The researchers collected four samples from two patients: a malignant tumor sample and a cerebrospinal fluid sample from a recurrent glioblastoma patient, and a non-malignant tumor sample and a cerebrospinal fluid sample from a patient with a benign brain tumor. The samples were transported under low temperatures, and cell suspensions were prepared and libraries constructed using single-cell dissociation kits.

Single-Cell Sequencing and Analysis

Single-cell sequencing was performed using the 10x Genomics platform, revealing a total of 44,743 cells. Based on a reference marker set, the researchers identified 13 clusters related to the tumor microenvironment. Techniques such as differential gene expression analysis, enrichment analysis, pseudotime trajectory analysis, and inferred CNV analysis were used to comprehensively analyze cell types and marker genes in the samples.

Research Findings

  1. Immune Landscape Analysis: The analysis found that malignant tumor samples were enriched with T cells, while Treg cells primarily populated the malignant cerebrospinal fluid samples, indicating an immunosuppressive microenvironment in recurrent glioblastoma. Additionally, macrophages and neutrophils were significantly enriched in malignant cerebrospinal fluid.

  2. Biomarker Potential of S100A9: High expression of S100A9 was found in malignant cerebrospinal fluid, suggesting its potential as an effective biomarker for diagnosis and prediction of recurrence.

  3. Cell Type and Characterization: The analysis revealed that astrocytes in tumor samples had higher CNV levels, and similar subgroup development trends were observed in both core and peripheral tumor positions.
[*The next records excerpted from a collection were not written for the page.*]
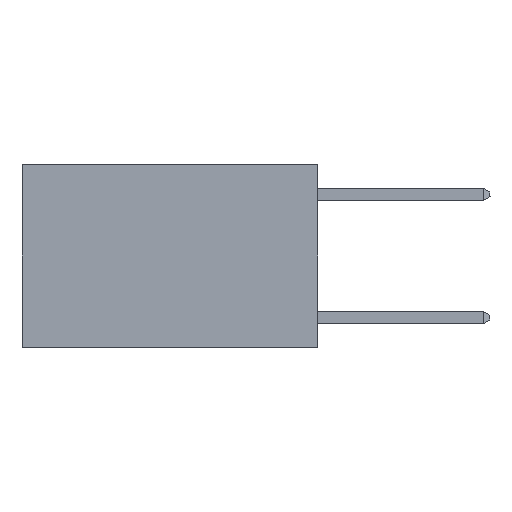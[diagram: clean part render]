
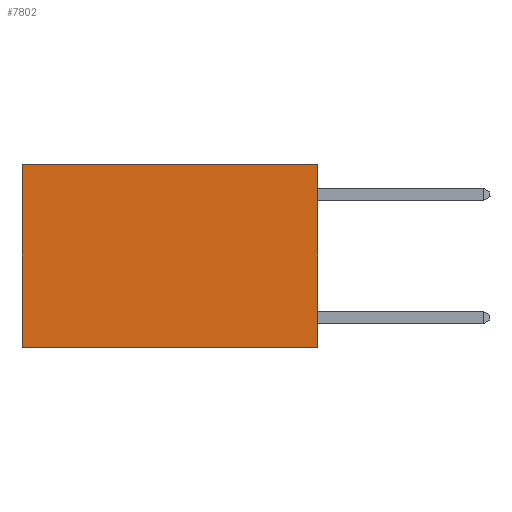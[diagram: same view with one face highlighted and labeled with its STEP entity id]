
A CAD part, left-side view. The second image highlights one B-rep face of the part: STEP entity #7802.
In plain terms, the highlighted planar face has unit normal (-1, 0, 0).
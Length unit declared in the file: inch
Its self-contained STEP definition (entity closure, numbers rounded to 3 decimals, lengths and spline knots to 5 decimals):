
#18 = VERTEX_POINT ( 'NONE', #1780 ) ;
#29 = EDGE_CURVE ( 'NONE', #7916, #2669, #6397, .T. ) ;
#395 = CARTESIAN_POINT ( 'NONE',  ( 0.2625, 0., 0. ) ) ;
#536 = CARTESIAN_POINT ( 'NONE',  ( 0.2625, 0.6, 0. ) ) ;
#573 = DIRECTION ( 'NONE',  ( 0., 0., -1. ) ) ;
#940 = PLANE ( 'NONE',  #5487 ) ;
#1299 = FACE_OUTER_BOUND ( 'NONE', #6883, .T. ) ;
#1423 = VECTOR ( 'NONE', #573, 39.37008 ) ;
#1590 = DIRECTION ( 'NONE',  ( 0., 0., -1. ) ) ;
#1748 = DIRECTION ( 'NONE',  ( 0., 1., 0. ) ) ;
#1780 = CARTESIAN_POINT ( 'NONE',  ( 0.2625, 0., -0.37 ) ) ;
#2000 = VECTOR ( 'NONE', #1748, 39.37008 ) ;
#2285 = VERTEX_POINT ( 'NONE', #6873 ) ;
#2394 = ORIENTED_EDGE ( 'NONE', *, *, #4653, .F. ) ;
#2669 = VERTEX_POINT ( 'NONE', #3472 ) ;
#2746 = CARTESIAN_POINT ( 'NONE',  ( 0.2625, 0., 0. ) ) ;
#2818 = EDGE_CURVE ( 'NONE', #2285, #18, #5156, .T. ) ;
#3439 = DIRECTION ( 'NONE',  ( 1., 0., 0. ) ) ;
#3472 = CARTESIAN_POINT ( 'NONE',  ( 0.2625, 0.6, -0.37 ) ) ;
#3519 = ORIENTED_EDGE ( 'NONE', *, *, #2818, .F. ) ;
#3988 = LINE ( 'NONE', #6267, #5235 ) ;
#4045 = LINE ( 'NONE', #4816, #2000 ) ;
#4653 = EDGE_CURVE ( 'NONE', #18, #2669, #3988, .T. ) ;
#4767 = VECTOR ( 'NONE', #5007, 39.37008 ) ;
#4816 = CARTESIAN_POINT ( 'NONE',  ( 0.2625, 0., 0. ) ) ;
#5007 = DIRECTION ( 'NONE',  ( 0., 0., -1. ) ) ;
#5156 = LINE ( 'NONE', #395, #4767 ) ;
#5235 = VECTOR ( 'NONE', #6800, 39.37008 ) ;
#5416 = EDGE_CURVE ( 'NONE', #2285, #7916, #4045, .T. ) ;
#5487 = AXIS2_PLACEMENT_3D ( 'NONE', #2746, #3439, #1590 ) ;
#6267 = CARTESIAN_POINT ( 'NONE',  ( 0.2625, 0., -0.37 ) ) ;
#6397 = LINE ( 'NONE', #6766, #1423 ) ;
#6766 = CARTESIAN_POINT ( 'NONE',  ( 0.2625, 0.6, 0. ) ) ;
#6800 = DIRECTION ( 'NONE',  ( 0., 1., 0. ) ) ;
#6873 = CARTESIAN_POINT ( 'NONE',  ( 0.2625, 0., 0. ) ) ;
#6883 = EDGE_LOOP ( 'NONE', ( #7760, #2394, #3519, #7884 ) ) ;
#7760 = ORIENTED_EDGE ( 'NONE', *, *, #29, .T. ) ;
#7802 = ADVANCED_FACE ( 'NONE', ( #1299 ), #940, .F. ) ;
#7884 = ORIENTED_EDGE ( 'NONE', *, *, #5416, .T. ) ;
#7916 = VERTEX_POINT ( 'NONE', #536 ) ;
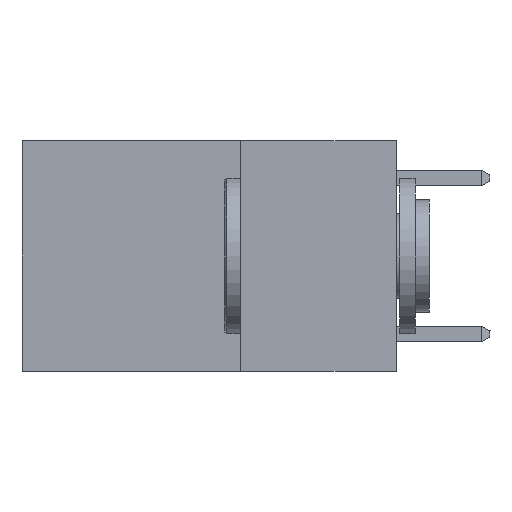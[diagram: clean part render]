
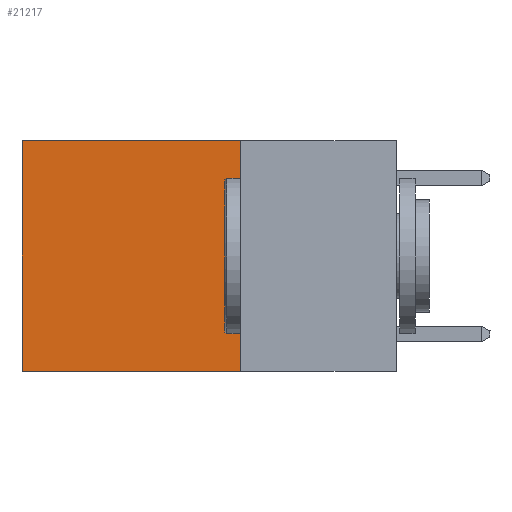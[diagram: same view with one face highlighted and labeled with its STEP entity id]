
A CAD part, left-side view. The second image highlights one B-rep face of the part: STEP entity #21217.
In plain terms, the highlighted planar face has unit normal (-1, 0, 0).
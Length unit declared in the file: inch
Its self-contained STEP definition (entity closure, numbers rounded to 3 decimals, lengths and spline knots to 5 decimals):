
#275 = CARTESIAN_POINT ( 'NONE',  ( 0.2625, 0.6, 0. ) ) ;
#626 = LINE ( 'NONE', #275, #7732 ) ;
#3592 = ORIENTED_EDGE ( 'NONE', *, *, #16844, .T. ) ;
#4262 = CARTESIAN_POINT ( 'NONE',  ( 0.2625, 0.25, -0.37 ) ) ;
#5651 = AXIS2_PLACEMENT_3D ( 'NONE', #19839, #7874, #24626 ) ;
#5946 = CARTESIAN_POINT ( 'NONE',  ( 0.2625, 0.25, 0. ) ) ;
#6872 = CARTESIAN_POINT ( 'NONE',  ( 0.2625, 0.25, -0.37 ) ) ;
#7732 = VECTOR ( 'NONE', #24258, 39.37008 ) ;
#7874 = DIRECTION ( 'NONE',  ( 1., 0., 0. ) ) ;
#11036 = FACE_OUTER_BOUND ( 'NONE', #11213, .T. ) ;
#11213 = EDGE_LOOP ( 'NONE', ( #16848, #19239, #18117, #3592 ) ) ;
#11928 = EDGE_CURVE ( 'NONE', #29138, #14892, #626, .T. ) ;
#12574 = PLANE ( 'NONE',  #5651 ) ;
#13385 = LINE ( 'NONE', #4262, #14127 ) ;
#13697 = EDGE_CURVE ( 'NONE', #24052, #15605, #14722, .T. ) ;
#14127 = VECTOR ( 'NONE', #21028, 39.37008 ) ;
#14722 = LINE ( 'NONE', #27965, #20397 ) ;
#14892 = VERTEX_POINT ( 'NONE', #18669 ) ;
#15488 = CARTESIAN_POINT ( 'NONE',  ( 0.2625, 0.6, 0. ) ) ;
#15605 = VERTEX_POINT ( 'NONE', #6872 ) ;
#15708 = CARTESIAN_POINT ( 'NONE',  ( 0.2625, 0.25, 0. ) ) ;
#16844 = EDGE_CURVE ( 'NONE', #24052, #29138, #19547, .T. ) ;
#16848 = ORIENTED_EDGE ( 'NONE', *, *, #11928, .T. ) ;
#18117 = ORIENTED_EDGE ( 'NONE', *, *, #13697, .F. ) ;
#18669 = CARTESIAN_POINT ( 'NONE',  ( 0.2625, 0.6, -0.37 ) ) ;
#19239 = ORIENTED_EDGE ( 'NONE', *, *, #20165, .F. ) ;
#19547 = LINE ( 'NONE', #5946, #30498 ) ;
#19839 = CARTESIAN_POINT ( 'NONE',  ( 0.2625, 0.25, 0. ) ) ;
#20165 = EDGE_CURVE ( 'NONE', #15605, #14892, #13385, .T. ) ;
#20397 = VECTOR ( 'NONE', #25717, 39.37008 ) ;
#21028 = DIRECTION ( 'NONE',  ( 0., 1., 0. ) ) ;
#21217 = ADVANCED_FACE ( 'NONE', ( #11036 ), #12574, .F. ) ;
#22849 = DIRECTION ( 'NONE',  ( 0., 1., 0. ) ) ;
#24052 = VERTEX_POINT ( 'NONE', #15708 ) ;
#24258 = DIRECTION ( 'NONE',  ( 0., 0., -1. ) ) ;
#24626 = DIRECTION ( 'NONE',  ( 0., 0., -1. ) ) ;
#25717 = DIRECTION ( 'NONE',  ( 0., 0., -1. ) ) ;
#27965 = CARTESIAN_POINT ( 'NONE',  ( 0.2625, 0.25, 0. ) ) ;
#29138 = VERTEX_POINT ( 'NONE', #15488 ) ;
#30498 = VECTOR ( 'NONE', #22849, 39.37008 ) ;
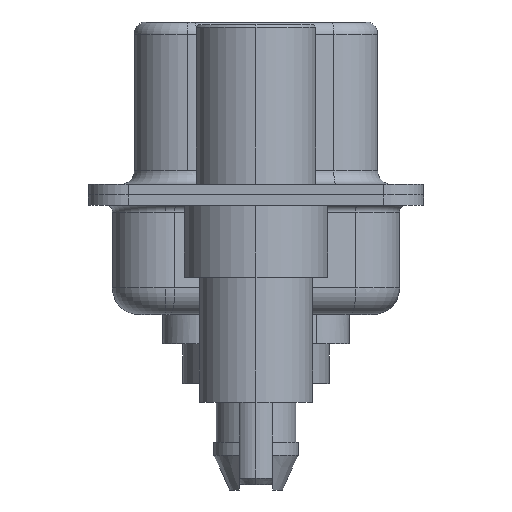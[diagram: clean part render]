
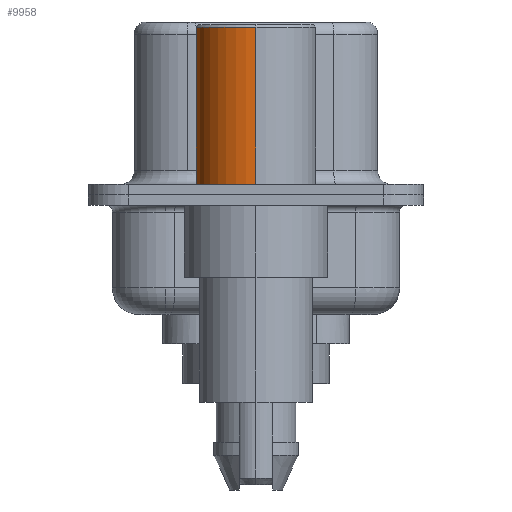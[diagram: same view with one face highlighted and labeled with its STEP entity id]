
A CAD part, left-side view. The second image highlights one B-rep face of the part: STEP entity #9958.
In plain terms, the highlighted cylindrical face has radius 2.25 mm (diameter 4.5 mm), a partial arc.
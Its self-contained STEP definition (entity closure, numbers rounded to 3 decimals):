
#35 = ORIENTED_EDGE ( 'NONE', *, *, #2443, .T. ) ;
#95 = VERTEX_POINT ( 'NONE', #734 ) ;
#448 = AXIS2_PLACEMENT_3D ( 'NONE', #10312, #3041, #11451 ) ;
#734 = CARTESIAN_POINT ( 'NONE',  ( 2.25, 0., 0.4 ) ) ;
#1270 = CARTESIAN_POINT ( 'NONE',  ( 2.25, 0., 6.3 ) ) ;
#1950 = DIRECTION ( 'NONE',  ( 0., 0., 1. ) ) ;
#2443 = EDGE_CURVE ( 'NONE', #4558, #10960, #6235, .T. ) ;
#2968 = DIRECTION ( 'NONE',  ( 1., 0., 0. ) ) ;
#2977 = ORIENTED_EDGE ( 'NONE', *, *, #13308, .F. ) ;
#3041 = DIRECTION ( 'NONE',  ( 0., 0., 1. ) ) ;
#4126 = CARTESIAN_POINT ( 'NONE',  ( 0., 0., 0.581 ) ) ;
#4558 = VERTEX_POINT ( 'NONE', #9889 ) ;
#5135 = CARTESIAN_POINT ( 'NONE',  ( 0., 0., 6.3 ) ) ;
#5850 = VECTOR ( 'NONE', #1950, 1000. ) ;
#5867 = VERTEX_POINT ( 'NONE', #1270 ) ;
#6235 = LINE ( 'NONE', #9486, #5850 ) ;
#6350 = DIRECTION ( 'NONE',  ( 1., 0., 0. ) ) ;
#6825 = CIRCLE ( 'NONE', #12352, 2.25 ) ;
#7271 = CARTESIAN_POINT ( 'NONE',  ( 2.25, 0., 0.581 ) ) ;
#7598 = LINE ( 'NONE', #7271, #8372 ) ;
#7783 = CYLINDRICAL_SURFACE ( 'NONE', #13728, 2.25 ) ;
#8086 = ORIENTED_EDGE ( 'NONE', *, *, #10969, .T. ) ;
#8143 = EDGE_LOOP ( 'NONE', ( #8086, #35, #2977, #15763 ) ) ;
#8170 = FACE_OUTER_BOUND ( 'NONE', #8143, .T. ) ;
#8372 = VECTOR ( 'NONE', #10103, 1000. ) ;
#8477 = EDGE_CURVE ( 'NONE', #95, #5867, #7598, .T. ) ;
#9486 = CARTESIAN_POINT ( 'NONE',  ( -2.25, 0., 0.581 ) ) ;
#9889 = CARTESIAN_POINT ( 'NONE',  ( -2.25, 0., 0.4 ) ) ;
#9958 = ADVANCED_FACE ( 'NONE', ( #8170 ), #7783, .T. ) ;
#10103 = DIRECTION ( 'NONE',  ( 0., 0., 1. ) ) ;
#10243 = DIRECTION ( 'NONE',  ( 0., 0., 1. ) ) ;
#10312 = CARTESIAN_POINT ( 'NONE',  ( 0., 0., 0.4 ) ) ;
#10960 = VERTEX_POINT ( 'NONE', #15170 ) ;
#10969 = EDGE_CURVE ( 'NONE', #95, #4558, #12165, .T. ) ;
#11451 = DIRECTION ( 'NONE',  ( 1., 0., 0. ) ) ;
#12165 = CIRCLE ( 'NONE', #448, 2.25 ) ;
#12352 = AXIS2_PLACEMENT_3D ( 'NONE', #5135, #13639, #6350 ) ;
#13308 = EDGE_CURVE ( 'NONE', #5867, #10960, #6825, .T. ) ;
#13639 = DIRECTION ( 'NONE',  ( 0., 0., 1. ) ) ;
#13728 = AXIS2_PLACEMENT_3D ( 'NONE', #4126, #10243, #2968 ) ;
#15170 = CARTESIAN_POINT ( 'NONE',  ( -2.25, 0., 6.3 ) ) ;
#15763 = ORIENTED_EDGE ( 'NONE', *, *, #8477, .F. ) ;

  4. Differential Gene Expression Analysis: Significant differences in DEGs expression patterns were found between different samples. Notably, S100A9 expression was significantly higher in malignant samples than non-malignant samples, highlighting its critical role in tumor progression.

  5. Immune Microenvironment Heterogeneity: Despite no significant differences in immune composition in multifocal tumor samples, heterogeneity was observed between tumor and cerebrospinal fluid samples. This further confirms the potential of liquid biopsy in glioblastoma.

  6. Single-Cell Metabolic Pathway Analysis: Metabolic analysis of macrophages and T cells revealed that T cell metabolic activity in malignant cerebrospinal fluid was significantly higher than in tumor samples, indicating that these cells might be more active and invasive in a malignant environment.

Conclusion and Significance

This study revealed the immune microenvironment of recurrent glioblastoma after chemotherapy and radiotherapy, and for the first time demonstrated the heterogeneity of tumor and cerebrospinal fluid samples at the single-cell level. The study proposes S100A9 as a new target for glioblastoma and confirms the prospect of liquid biopsy in tumor immunotherapy. The results provide new insights for the treatment and diagnosis of recurrent glioblastoma, particularly in exploring the mechanisms of immunosuppression in the microenvironment. Meanwhile, this study also emphasizes the unique advantage of cerebrospinal fluid samples in reflecting the tumor microenvironment, providing a theoretical basis for future glioblastoma research.

Summary

This study comprehensively revealed the immune microenvironment of recurrent glioblastoma using single-cell sequencing technology, deeply explored the complexity and heterogeneity of the tumor microenvironment, and proposed the potential of S100A9 as an important biomarker. These findings not only enrich the understanding of glioblastoma but also provide new directions for future diagnosis and treatment.